What you will do
Look for the word "Subsystem". Copy every line of the listing where it occurs.

--*--

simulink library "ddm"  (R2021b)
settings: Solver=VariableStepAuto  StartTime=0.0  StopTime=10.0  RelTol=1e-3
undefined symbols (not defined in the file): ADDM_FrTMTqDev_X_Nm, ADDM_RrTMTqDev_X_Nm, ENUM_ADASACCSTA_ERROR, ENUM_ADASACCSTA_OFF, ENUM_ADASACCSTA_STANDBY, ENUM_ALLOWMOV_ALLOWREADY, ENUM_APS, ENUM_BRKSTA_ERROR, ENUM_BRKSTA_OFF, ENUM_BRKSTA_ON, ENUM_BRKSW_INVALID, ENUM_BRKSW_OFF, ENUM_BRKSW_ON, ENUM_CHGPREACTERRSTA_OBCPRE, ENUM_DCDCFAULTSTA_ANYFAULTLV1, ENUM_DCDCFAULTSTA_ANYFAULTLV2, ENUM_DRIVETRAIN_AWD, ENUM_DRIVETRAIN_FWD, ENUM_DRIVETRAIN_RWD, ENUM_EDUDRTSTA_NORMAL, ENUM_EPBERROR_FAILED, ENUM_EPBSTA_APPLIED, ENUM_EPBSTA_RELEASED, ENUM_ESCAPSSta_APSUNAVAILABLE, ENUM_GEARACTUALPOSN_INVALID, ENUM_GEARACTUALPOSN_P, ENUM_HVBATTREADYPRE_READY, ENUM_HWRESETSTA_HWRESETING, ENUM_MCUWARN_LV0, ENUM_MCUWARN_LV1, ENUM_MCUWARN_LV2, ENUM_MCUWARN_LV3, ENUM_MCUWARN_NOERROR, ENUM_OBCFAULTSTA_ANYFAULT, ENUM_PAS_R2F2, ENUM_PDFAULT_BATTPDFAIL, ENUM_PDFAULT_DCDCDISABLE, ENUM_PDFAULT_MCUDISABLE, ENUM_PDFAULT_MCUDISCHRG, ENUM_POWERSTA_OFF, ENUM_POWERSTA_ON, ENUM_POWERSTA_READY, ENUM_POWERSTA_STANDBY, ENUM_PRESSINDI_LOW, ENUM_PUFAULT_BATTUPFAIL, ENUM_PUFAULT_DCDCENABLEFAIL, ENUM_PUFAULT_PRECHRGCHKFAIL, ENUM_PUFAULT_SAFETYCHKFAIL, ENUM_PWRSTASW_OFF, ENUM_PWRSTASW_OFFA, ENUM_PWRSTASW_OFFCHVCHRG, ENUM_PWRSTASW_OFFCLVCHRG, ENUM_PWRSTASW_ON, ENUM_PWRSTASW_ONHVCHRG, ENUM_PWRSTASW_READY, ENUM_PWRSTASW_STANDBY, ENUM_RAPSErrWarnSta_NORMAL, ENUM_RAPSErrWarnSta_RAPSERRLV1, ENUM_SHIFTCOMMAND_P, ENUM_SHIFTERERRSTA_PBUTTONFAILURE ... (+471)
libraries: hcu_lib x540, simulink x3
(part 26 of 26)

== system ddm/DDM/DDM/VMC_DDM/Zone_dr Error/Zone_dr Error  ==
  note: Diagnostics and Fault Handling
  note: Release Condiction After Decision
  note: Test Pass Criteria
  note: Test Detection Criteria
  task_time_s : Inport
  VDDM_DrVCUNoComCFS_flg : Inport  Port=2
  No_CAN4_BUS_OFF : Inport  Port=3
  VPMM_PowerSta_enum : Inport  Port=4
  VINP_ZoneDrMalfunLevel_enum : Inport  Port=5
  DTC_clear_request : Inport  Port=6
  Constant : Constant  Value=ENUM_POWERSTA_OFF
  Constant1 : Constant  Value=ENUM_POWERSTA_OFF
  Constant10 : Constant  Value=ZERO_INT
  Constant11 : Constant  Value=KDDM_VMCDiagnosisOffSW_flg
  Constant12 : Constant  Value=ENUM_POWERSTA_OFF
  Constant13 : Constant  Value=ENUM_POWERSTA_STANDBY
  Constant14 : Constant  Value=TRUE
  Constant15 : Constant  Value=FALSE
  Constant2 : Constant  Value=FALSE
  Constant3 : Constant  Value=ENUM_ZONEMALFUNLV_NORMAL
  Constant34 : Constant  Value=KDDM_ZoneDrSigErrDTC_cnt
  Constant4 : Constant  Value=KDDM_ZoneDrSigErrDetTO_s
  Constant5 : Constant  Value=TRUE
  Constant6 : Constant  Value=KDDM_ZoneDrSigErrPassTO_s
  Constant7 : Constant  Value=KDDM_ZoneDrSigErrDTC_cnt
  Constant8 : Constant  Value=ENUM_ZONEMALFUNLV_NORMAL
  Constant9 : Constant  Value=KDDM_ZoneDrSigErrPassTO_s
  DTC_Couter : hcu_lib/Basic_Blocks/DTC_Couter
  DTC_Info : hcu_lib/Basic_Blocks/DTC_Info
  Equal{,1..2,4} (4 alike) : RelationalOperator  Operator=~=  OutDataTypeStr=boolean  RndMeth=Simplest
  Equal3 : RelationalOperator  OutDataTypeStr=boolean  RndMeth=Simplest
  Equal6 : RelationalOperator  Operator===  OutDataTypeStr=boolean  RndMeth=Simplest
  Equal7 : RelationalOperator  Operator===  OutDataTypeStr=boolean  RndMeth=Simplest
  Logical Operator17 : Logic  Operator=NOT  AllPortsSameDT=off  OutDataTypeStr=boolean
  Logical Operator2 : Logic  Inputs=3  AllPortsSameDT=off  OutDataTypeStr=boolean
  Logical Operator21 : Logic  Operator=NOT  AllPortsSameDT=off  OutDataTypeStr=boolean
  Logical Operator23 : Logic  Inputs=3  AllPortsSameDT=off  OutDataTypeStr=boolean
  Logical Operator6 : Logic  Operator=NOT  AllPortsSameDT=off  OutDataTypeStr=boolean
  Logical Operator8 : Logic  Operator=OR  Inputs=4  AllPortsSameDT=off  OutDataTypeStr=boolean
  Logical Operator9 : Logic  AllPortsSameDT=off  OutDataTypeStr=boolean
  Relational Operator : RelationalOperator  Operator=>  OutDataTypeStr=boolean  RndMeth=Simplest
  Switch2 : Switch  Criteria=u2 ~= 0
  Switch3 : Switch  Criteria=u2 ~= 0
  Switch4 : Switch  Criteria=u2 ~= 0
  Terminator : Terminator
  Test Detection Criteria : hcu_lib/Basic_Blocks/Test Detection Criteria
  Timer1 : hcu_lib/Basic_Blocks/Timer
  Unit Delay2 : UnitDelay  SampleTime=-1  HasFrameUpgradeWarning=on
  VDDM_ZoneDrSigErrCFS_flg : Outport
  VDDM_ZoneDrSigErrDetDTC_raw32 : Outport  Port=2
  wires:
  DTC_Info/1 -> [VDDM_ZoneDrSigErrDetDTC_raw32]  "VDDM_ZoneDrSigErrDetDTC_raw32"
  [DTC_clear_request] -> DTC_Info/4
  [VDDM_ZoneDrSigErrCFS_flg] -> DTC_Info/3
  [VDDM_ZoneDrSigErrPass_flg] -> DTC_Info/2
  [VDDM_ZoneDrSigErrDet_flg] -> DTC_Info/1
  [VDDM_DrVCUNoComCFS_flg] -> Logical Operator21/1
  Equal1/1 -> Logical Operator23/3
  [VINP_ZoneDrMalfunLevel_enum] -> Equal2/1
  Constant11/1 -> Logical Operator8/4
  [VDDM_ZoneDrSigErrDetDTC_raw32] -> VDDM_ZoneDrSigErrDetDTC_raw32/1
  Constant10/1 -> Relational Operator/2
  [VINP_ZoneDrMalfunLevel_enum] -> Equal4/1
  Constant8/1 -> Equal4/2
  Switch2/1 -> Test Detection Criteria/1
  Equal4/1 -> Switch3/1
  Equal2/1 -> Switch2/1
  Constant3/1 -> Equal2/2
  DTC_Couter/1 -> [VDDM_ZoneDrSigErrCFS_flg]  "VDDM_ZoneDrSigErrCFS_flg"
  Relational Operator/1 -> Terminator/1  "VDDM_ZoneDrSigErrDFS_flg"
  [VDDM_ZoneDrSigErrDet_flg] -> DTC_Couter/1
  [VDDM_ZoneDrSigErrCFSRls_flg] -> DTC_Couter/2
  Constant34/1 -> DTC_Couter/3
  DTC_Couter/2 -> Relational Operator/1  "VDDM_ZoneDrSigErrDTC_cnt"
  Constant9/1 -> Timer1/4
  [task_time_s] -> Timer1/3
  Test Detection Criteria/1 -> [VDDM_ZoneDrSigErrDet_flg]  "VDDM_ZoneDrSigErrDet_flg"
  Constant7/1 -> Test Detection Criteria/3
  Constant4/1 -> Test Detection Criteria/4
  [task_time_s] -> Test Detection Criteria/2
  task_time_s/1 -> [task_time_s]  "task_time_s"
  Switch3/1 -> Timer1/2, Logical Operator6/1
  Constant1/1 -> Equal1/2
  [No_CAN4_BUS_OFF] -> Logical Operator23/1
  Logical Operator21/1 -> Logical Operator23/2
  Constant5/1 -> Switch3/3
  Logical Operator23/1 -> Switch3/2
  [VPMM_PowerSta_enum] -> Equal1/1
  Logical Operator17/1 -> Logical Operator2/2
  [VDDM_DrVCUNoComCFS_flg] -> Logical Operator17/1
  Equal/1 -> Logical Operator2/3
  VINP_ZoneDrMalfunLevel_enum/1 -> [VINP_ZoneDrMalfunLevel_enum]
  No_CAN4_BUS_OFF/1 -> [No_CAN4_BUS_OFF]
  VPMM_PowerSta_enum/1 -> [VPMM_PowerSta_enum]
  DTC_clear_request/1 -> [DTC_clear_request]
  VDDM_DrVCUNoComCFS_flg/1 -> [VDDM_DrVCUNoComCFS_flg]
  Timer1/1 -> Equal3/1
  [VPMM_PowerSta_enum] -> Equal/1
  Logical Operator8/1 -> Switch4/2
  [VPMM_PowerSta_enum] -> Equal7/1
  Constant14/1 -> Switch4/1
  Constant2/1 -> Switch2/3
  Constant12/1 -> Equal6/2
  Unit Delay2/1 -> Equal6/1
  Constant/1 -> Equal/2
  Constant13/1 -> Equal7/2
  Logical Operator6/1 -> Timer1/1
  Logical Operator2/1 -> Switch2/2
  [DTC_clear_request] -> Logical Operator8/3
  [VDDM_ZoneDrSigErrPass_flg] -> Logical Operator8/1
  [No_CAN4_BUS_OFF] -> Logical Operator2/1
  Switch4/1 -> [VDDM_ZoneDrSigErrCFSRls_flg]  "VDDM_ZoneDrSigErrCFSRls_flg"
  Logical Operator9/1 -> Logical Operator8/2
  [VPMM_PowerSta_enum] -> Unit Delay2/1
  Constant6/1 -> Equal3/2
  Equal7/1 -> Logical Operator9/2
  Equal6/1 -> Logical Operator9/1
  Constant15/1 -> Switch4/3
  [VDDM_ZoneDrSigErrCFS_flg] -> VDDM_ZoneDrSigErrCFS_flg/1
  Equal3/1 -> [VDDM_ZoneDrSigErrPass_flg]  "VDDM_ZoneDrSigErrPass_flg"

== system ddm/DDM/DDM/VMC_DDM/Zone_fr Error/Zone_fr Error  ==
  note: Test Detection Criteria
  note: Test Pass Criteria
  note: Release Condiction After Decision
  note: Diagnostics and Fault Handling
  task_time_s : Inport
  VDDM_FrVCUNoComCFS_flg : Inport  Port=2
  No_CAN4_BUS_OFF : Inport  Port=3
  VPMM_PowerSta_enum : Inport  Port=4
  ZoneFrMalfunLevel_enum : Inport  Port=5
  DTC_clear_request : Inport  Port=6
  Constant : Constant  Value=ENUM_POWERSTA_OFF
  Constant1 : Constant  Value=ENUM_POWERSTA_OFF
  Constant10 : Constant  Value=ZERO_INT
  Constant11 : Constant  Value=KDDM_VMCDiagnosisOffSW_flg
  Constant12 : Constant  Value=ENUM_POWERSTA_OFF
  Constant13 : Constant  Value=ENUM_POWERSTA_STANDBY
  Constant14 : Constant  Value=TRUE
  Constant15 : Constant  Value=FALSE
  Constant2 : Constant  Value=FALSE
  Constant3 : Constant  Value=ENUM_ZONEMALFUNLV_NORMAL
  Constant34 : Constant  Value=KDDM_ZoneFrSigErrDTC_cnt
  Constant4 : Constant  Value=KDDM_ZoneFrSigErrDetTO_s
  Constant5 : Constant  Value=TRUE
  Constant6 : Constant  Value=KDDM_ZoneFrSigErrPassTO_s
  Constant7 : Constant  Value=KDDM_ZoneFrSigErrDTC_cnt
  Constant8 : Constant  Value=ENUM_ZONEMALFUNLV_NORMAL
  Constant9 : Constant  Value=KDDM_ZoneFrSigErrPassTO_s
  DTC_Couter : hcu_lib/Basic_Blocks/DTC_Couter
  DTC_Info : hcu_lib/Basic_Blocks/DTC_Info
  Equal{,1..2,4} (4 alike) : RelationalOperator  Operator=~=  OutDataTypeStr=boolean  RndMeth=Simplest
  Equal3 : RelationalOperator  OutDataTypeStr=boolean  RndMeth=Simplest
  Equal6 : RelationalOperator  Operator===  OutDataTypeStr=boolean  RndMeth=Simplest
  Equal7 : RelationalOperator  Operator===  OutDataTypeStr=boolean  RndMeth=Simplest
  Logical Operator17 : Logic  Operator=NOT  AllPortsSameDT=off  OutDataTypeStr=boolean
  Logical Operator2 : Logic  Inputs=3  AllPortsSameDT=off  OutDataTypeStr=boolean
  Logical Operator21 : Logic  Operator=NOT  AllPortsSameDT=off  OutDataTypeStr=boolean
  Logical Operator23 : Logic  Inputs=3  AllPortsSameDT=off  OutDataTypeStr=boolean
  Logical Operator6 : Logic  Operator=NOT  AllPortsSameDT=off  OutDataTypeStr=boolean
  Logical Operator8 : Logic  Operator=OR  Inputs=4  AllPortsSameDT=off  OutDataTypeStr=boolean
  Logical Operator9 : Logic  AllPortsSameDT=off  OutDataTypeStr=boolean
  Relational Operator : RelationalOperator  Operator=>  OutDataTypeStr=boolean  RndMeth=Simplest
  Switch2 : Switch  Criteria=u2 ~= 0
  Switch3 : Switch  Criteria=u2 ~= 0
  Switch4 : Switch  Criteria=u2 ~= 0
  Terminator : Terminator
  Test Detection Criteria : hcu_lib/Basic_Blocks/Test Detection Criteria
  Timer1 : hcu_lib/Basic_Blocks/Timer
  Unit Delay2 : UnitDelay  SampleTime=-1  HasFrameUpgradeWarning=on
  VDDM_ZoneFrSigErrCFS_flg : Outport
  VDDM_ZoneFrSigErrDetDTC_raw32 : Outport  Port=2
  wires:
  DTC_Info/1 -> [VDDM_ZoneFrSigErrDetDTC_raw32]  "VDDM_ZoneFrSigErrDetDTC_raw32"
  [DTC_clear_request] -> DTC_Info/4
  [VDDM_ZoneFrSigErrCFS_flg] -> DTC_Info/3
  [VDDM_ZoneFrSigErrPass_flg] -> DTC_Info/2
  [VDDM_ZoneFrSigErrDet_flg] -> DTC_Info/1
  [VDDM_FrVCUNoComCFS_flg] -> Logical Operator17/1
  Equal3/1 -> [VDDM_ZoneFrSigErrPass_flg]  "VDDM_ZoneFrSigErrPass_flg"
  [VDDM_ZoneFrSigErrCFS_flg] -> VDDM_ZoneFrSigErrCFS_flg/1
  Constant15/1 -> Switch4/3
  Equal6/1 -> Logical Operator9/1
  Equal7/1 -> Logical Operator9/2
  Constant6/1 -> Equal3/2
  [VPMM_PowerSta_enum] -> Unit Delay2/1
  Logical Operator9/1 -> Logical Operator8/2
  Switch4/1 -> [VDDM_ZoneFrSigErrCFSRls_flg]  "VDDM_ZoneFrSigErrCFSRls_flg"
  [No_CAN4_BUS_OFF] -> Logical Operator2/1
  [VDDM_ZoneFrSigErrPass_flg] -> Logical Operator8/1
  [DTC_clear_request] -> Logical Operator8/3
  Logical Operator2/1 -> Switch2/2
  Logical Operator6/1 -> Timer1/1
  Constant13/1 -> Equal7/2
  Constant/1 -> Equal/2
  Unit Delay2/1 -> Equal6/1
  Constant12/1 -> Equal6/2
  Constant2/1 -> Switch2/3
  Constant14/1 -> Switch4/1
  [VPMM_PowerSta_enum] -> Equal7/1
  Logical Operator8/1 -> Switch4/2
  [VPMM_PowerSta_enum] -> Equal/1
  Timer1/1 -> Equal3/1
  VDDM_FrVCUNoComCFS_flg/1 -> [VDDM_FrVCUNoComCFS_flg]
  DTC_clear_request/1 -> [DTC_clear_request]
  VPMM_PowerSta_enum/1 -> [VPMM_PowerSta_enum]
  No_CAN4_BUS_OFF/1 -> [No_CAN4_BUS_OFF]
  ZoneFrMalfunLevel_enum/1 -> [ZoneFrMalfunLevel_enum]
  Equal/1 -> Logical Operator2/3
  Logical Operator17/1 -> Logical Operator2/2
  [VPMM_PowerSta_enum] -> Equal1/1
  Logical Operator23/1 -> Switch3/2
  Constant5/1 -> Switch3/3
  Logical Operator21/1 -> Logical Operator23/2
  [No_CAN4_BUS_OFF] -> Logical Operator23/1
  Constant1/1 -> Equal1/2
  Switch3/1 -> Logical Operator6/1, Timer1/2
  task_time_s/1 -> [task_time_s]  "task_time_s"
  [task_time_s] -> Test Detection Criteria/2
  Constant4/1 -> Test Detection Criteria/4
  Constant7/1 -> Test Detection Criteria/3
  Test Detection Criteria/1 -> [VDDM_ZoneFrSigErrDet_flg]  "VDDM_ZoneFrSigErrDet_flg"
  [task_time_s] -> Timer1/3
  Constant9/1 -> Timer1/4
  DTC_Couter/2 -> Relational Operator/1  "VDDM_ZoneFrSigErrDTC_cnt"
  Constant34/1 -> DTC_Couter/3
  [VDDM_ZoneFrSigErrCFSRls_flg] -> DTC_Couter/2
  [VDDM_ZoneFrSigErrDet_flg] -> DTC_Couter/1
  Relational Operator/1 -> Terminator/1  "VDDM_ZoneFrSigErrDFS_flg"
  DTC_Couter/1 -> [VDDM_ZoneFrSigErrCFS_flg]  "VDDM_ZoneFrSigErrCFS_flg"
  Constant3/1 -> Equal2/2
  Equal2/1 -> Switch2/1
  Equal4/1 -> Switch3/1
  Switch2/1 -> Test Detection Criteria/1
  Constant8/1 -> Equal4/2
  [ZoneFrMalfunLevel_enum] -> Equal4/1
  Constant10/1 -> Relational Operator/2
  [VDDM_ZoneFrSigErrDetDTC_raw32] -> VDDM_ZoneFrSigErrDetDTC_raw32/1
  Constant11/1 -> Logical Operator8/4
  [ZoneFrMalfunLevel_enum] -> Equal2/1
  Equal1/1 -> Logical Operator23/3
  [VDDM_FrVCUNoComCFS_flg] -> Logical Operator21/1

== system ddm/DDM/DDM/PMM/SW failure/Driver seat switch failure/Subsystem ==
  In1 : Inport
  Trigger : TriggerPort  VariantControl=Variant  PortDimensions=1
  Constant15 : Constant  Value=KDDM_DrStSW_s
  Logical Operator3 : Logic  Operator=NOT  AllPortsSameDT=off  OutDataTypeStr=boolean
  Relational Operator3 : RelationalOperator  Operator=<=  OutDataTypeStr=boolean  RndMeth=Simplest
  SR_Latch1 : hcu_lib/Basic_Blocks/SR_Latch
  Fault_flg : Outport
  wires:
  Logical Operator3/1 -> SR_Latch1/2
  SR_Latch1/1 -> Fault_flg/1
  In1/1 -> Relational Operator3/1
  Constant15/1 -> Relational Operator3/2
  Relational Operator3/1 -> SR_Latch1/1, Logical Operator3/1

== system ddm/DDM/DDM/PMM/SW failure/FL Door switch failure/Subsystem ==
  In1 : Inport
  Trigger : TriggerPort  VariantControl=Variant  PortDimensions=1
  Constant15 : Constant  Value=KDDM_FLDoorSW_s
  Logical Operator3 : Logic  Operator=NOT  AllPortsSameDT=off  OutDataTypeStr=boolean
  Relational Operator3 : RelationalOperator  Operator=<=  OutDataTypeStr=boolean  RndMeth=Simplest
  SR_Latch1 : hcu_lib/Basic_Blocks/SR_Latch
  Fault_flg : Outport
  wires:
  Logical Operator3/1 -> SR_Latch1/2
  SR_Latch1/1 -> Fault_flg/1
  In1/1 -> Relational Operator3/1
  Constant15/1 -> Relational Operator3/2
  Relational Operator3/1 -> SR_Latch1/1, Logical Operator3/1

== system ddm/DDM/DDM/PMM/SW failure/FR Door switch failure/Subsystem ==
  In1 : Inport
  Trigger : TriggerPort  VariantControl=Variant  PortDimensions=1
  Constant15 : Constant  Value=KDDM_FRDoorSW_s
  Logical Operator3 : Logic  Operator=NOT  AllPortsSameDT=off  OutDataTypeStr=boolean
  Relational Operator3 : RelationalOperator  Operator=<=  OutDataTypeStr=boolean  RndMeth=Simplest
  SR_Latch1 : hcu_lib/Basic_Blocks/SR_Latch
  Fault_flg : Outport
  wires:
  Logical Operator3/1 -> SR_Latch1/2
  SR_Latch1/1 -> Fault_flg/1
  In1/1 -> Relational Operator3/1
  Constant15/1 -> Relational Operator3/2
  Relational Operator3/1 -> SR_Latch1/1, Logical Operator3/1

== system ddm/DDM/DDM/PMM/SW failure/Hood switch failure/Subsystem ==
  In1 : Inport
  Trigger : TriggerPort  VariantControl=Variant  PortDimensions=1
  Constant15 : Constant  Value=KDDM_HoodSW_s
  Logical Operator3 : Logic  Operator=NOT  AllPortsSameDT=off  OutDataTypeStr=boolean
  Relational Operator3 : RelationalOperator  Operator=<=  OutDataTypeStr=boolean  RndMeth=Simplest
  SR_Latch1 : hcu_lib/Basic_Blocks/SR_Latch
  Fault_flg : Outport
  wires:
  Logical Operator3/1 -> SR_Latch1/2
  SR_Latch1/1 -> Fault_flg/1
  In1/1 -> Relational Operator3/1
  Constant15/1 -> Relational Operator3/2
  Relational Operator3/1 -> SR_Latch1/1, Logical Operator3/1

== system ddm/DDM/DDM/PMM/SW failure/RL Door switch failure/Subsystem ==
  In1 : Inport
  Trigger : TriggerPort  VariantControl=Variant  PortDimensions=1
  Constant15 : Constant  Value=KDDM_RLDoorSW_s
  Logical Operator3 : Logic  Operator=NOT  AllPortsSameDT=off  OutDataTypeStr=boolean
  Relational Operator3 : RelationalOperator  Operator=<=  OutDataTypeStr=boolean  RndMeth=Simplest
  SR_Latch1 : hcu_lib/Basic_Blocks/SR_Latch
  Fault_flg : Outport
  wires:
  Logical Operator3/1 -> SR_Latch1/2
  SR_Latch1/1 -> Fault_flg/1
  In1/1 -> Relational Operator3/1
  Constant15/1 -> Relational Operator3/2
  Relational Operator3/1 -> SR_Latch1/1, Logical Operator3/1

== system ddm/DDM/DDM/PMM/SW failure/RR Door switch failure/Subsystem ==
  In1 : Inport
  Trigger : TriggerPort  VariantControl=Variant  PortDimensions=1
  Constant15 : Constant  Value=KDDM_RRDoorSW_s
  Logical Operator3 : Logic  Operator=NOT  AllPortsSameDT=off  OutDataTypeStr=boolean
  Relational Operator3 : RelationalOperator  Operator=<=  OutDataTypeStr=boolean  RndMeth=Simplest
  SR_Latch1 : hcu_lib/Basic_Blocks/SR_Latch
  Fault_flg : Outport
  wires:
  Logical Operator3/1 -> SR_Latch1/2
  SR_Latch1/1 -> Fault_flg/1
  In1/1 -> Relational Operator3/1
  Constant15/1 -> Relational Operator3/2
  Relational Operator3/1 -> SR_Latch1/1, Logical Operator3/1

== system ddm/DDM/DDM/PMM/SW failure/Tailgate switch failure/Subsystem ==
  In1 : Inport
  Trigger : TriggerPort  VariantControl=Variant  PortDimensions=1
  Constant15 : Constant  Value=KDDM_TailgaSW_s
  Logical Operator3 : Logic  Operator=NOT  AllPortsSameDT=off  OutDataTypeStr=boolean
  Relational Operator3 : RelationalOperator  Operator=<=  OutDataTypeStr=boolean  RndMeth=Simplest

--*--

Task answer
== system ddm/DDM/DDM/PMM/SW failure/Driver seat switch failure/Subsystem ==
== system ddm/DDM/DDM/PMM/SW failure/FL Door switch failure/Subsystem ==
== system ddm/DDM/DDM/PMM/SW failure/FR Door switch failure/Subsystem ==
== system ddm/DDM/DDM/PMM/SW failure/Hood switch failure/Subsystem ==
== system ddm/DDM/DDM/PMM/SW failure/RL Door switch failure/Subsystem ==
== system ddm/DDM/DDM/PMM/SW failure/RR Door switch failure/Subsystem ==
== system ddm/DDM/DDM/PMM/SW failure/Tailgate switch failure/Subsystem ==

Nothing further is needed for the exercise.